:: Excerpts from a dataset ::
⁂
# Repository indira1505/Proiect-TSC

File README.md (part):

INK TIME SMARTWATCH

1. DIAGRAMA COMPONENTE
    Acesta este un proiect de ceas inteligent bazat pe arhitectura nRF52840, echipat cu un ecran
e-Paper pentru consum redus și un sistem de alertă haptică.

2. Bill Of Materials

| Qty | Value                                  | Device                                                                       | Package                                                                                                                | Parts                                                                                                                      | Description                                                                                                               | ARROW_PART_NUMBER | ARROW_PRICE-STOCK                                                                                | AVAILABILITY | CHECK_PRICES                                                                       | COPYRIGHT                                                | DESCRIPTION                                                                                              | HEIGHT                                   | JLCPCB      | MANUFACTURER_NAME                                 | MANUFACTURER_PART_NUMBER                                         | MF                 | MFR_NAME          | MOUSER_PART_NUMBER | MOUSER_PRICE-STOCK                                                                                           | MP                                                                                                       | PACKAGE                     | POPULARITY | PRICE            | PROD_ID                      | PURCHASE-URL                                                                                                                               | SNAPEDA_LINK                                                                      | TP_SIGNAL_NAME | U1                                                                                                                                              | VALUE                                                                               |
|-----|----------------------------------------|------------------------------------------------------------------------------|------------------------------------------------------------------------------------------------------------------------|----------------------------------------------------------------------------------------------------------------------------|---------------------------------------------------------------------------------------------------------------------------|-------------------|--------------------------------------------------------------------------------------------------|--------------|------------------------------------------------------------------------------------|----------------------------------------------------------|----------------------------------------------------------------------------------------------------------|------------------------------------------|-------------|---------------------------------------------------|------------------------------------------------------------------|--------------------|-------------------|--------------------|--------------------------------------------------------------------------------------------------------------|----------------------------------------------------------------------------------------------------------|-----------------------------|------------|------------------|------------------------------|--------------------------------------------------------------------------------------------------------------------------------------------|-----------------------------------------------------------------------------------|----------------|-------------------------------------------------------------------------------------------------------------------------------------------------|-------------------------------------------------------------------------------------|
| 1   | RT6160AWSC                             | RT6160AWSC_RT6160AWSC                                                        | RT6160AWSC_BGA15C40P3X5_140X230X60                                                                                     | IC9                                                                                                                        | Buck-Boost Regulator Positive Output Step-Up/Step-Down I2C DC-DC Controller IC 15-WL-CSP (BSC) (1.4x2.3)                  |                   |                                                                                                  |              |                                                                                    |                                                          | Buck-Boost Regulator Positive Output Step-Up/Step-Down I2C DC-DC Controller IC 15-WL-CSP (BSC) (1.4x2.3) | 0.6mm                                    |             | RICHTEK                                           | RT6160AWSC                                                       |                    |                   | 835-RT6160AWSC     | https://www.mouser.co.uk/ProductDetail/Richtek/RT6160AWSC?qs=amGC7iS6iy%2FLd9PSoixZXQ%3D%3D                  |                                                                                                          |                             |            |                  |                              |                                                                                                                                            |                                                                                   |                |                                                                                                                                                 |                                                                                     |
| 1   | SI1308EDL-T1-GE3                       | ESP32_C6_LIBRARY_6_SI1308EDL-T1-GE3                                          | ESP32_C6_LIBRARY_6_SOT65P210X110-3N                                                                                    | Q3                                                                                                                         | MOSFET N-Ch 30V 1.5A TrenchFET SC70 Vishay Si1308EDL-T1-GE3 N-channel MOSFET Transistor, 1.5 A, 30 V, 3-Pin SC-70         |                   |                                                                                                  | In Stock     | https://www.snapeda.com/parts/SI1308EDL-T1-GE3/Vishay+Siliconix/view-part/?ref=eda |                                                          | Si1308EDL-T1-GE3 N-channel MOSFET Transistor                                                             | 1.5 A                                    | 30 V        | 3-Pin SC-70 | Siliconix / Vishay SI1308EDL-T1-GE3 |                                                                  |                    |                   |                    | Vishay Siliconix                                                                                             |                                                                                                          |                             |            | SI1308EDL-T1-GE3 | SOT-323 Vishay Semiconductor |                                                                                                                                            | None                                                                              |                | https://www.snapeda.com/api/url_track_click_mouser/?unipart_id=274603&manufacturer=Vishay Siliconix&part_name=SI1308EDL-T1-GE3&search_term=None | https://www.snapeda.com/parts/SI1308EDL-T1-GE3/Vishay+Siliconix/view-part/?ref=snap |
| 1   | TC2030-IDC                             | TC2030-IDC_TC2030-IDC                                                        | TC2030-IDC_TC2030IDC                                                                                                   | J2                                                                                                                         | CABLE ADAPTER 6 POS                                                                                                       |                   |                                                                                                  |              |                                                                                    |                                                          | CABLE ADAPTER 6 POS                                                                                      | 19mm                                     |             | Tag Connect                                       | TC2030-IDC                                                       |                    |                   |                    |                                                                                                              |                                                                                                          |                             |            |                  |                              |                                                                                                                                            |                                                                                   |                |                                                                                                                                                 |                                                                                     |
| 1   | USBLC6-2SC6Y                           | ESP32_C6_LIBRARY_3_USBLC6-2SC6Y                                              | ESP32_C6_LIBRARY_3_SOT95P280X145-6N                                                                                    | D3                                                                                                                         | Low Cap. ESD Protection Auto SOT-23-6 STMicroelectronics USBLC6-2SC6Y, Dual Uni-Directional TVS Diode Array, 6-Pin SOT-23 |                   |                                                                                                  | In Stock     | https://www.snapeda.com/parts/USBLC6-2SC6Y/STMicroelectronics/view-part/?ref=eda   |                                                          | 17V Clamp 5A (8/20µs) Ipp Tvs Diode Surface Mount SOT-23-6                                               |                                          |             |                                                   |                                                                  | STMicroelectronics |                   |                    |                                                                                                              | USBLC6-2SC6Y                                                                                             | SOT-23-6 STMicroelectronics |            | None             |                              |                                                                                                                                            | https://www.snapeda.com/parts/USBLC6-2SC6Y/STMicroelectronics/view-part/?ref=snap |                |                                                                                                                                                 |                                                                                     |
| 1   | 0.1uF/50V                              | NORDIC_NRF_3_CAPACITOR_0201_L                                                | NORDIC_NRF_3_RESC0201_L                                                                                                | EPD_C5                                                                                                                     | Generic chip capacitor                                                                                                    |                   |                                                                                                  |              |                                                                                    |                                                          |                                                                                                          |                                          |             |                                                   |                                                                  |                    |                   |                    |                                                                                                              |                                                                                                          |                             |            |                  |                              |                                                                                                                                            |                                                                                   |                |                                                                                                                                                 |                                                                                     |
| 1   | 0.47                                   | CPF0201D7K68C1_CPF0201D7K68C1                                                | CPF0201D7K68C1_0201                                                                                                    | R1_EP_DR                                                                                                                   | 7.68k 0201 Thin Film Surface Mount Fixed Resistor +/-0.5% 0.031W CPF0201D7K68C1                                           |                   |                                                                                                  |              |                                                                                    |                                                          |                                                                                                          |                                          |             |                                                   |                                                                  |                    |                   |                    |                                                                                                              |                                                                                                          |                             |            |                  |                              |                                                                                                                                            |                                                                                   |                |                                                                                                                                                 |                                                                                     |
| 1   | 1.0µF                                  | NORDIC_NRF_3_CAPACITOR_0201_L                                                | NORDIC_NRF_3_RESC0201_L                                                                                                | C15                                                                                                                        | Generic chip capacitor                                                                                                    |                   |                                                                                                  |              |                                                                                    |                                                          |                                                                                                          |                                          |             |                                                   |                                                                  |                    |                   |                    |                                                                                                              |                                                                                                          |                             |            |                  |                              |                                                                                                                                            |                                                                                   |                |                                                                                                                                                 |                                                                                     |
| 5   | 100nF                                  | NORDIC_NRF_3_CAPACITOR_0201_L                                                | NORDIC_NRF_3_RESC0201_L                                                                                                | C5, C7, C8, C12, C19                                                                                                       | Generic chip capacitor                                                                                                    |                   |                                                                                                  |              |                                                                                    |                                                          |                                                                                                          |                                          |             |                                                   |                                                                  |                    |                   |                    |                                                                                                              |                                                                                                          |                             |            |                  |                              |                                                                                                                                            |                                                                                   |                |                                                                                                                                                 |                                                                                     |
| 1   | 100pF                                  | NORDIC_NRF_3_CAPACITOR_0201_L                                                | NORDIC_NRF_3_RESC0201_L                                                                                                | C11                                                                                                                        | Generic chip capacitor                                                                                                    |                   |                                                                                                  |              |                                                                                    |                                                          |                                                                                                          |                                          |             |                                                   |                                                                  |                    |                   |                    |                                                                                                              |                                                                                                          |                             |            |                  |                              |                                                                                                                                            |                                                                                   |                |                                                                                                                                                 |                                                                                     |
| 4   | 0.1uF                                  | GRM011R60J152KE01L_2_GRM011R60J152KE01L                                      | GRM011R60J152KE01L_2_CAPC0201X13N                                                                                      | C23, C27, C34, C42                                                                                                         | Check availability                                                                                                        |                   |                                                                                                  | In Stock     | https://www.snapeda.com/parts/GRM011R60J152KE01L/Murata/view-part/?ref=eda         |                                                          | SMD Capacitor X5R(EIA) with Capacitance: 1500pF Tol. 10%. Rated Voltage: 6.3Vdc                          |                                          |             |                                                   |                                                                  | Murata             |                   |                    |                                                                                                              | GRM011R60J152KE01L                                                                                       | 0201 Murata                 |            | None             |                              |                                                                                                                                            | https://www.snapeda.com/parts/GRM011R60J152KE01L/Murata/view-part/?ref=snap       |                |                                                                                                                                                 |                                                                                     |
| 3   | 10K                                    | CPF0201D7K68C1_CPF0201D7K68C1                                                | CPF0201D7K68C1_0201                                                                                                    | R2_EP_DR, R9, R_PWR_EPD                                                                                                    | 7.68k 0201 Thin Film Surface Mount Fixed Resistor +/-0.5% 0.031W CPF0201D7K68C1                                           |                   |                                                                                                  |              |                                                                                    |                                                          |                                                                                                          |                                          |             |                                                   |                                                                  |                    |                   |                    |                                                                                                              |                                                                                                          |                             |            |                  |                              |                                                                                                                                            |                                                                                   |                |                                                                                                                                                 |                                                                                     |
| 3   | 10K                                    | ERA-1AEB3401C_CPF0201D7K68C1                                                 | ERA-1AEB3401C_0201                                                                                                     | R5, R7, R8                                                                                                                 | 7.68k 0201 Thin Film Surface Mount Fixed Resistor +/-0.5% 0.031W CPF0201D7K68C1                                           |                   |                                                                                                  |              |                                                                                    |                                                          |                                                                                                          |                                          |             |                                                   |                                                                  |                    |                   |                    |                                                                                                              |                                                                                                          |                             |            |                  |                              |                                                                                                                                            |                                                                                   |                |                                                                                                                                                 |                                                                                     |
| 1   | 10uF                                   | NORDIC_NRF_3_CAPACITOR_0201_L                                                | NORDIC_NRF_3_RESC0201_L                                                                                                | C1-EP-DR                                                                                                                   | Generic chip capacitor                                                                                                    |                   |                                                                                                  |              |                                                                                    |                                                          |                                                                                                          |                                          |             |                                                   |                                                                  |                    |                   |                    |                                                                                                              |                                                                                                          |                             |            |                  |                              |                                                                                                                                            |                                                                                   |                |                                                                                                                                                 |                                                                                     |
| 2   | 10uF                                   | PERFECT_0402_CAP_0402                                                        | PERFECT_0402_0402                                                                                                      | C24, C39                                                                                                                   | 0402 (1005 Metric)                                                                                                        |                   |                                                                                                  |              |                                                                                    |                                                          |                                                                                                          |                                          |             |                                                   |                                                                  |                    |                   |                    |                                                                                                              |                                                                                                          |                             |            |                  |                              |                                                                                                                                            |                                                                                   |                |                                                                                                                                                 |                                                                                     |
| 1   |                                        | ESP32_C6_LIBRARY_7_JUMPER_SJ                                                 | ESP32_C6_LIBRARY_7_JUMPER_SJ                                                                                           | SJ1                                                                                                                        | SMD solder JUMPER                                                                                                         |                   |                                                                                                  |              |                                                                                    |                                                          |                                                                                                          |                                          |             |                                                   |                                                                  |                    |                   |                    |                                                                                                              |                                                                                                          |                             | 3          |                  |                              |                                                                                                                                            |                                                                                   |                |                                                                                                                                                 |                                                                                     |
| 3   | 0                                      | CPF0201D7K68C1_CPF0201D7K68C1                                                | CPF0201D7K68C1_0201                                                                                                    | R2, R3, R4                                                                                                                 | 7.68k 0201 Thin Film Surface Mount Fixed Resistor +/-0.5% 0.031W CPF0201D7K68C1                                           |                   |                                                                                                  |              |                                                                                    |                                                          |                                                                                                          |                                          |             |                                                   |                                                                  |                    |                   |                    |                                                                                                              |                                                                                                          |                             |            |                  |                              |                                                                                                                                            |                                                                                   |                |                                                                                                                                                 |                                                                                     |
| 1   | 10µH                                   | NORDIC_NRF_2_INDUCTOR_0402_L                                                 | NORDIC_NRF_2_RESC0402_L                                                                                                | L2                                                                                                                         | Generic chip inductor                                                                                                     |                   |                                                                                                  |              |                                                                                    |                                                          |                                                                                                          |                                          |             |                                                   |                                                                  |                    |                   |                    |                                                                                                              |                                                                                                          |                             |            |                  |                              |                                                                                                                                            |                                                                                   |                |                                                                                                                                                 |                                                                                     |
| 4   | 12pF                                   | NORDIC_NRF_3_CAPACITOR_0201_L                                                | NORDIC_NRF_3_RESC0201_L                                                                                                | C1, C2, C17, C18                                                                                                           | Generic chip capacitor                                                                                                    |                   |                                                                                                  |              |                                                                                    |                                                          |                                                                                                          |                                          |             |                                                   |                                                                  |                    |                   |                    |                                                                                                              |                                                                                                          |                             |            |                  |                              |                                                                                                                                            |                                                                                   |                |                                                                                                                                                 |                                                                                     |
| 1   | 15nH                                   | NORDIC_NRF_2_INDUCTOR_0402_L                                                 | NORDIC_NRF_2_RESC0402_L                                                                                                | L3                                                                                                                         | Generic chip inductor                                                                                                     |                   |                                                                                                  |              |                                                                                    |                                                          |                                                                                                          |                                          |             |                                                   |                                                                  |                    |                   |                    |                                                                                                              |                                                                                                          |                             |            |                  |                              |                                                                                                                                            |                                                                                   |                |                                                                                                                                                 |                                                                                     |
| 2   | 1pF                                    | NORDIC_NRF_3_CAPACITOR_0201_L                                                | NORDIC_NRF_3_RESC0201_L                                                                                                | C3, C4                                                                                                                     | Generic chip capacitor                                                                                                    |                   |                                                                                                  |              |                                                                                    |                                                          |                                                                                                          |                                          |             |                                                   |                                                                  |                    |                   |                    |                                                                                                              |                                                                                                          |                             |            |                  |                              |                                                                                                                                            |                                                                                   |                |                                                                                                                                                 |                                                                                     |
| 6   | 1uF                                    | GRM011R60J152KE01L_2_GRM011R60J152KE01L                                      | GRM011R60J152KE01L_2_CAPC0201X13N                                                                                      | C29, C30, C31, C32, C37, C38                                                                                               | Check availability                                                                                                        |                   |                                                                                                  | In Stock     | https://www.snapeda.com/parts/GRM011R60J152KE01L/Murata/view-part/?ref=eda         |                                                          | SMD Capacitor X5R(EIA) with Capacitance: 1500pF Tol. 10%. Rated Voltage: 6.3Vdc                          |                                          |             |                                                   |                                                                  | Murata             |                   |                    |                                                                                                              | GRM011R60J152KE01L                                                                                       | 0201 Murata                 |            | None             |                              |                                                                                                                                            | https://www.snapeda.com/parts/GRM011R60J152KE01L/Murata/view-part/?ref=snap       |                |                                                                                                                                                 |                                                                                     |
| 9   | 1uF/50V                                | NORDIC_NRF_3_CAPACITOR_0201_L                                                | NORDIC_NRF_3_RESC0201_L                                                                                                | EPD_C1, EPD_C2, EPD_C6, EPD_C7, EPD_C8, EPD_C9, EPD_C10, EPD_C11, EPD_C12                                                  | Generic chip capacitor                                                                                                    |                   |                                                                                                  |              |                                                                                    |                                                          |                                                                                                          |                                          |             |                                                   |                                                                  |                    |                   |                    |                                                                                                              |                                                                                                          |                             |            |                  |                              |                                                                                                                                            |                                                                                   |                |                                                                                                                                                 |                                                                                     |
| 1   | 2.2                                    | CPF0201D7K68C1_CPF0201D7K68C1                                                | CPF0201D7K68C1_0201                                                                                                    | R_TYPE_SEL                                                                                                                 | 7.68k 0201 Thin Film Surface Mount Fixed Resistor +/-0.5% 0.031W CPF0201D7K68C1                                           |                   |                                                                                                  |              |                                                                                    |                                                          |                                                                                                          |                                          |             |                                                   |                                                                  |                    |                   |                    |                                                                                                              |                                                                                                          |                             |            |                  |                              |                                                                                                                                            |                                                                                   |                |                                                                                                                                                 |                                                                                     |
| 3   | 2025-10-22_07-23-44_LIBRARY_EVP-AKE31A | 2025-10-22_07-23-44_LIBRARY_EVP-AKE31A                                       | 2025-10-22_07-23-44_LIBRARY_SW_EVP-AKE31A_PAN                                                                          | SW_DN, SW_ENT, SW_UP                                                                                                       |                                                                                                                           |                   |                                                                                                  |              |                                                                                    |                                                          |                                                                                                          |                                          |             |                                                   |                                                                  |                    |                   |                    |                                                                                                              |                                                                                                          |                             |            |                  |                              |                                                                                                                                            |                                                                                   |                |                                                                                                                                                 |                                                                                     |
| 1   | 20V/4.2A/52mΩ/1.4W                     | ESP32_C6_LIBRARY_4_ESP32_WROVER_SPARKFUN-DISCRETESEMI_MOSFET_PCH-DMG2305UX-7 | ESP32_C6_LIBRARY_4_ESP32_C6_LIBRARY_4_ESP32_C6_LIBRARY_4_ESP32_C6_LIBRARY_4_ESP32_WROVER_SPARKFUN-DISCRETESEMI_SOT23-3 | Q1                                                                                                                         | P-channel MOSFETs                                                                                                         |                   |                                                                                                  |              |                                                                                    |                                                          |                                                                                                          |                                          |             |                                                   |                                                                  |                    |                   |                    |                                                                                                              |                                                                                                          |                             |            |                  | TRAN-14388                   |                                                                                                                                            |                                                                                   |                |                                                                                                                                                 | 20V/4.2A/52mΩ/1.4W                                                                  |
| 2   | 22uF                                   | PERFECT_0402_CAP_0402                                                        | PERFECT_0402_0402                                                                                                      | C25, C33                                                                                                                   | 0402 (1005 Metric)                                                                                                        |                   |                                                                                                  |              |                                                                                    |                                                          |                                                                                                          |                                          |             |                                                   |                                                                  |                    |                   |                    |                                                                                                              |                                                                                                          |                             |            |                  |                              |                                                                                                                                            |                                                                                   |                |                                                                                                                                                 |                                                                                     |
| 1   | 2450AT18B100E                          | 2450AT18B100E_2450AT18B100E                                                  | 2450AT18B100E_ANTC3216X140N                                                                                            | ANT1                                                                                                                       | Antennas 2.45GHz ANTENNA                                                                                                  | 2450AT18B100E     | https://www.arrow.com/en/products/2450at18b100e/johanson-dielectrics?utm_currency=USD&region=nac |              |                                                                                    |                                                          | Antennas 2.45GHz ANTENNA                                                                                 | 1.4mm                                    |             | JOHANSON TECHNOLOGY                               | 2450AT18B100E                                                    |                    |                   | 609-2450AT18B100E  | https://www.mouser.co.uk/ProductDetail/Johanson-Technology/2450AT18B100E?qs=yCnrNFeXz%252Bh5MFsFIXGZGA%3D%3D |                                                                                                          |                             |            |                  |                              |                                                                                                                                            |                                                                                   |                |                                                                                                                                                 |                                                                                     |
⁂
:: Your task ::
Look through the entries above and quote exactly the lines from the line with "2. Bill Of Materials" to the line with "Qty | Value", counting both of those lines.

:: Expected output ::
2. Bill Of Materials

| Qty | Value                                  | Device                                                                       | Package                                                                                                                | Parts                                                                                                                      | Description                                                                                                               | ARROW_PART_NUMBER | ARROW_PRICE-STOCK                                                                                | AVAILABILITY | CHECK_PRICES                                                                       | COPYRIGHT                                                | DESCRIPTION                                                                                              | HEIGHT                                   | JLCPCB      | MANUFACTURER_NAME                                 | MANUFACTURER_PART_NUMBER                                         | MF                 | MFR_NAME          | MOUSER_PART_NUMBER | MOUSER_PRICE-STOCK                                                                                           | MP                                                                                                       | PACKAGE                     | POPULARITY | PRICE            | PROD_ID                      | PURCHASE-URL                                                                                                                               | SNAPEDA_LINK                                                                      | TP_SIGNAL_NAME | U1                                                                                                                                              | VALUE                                                                               |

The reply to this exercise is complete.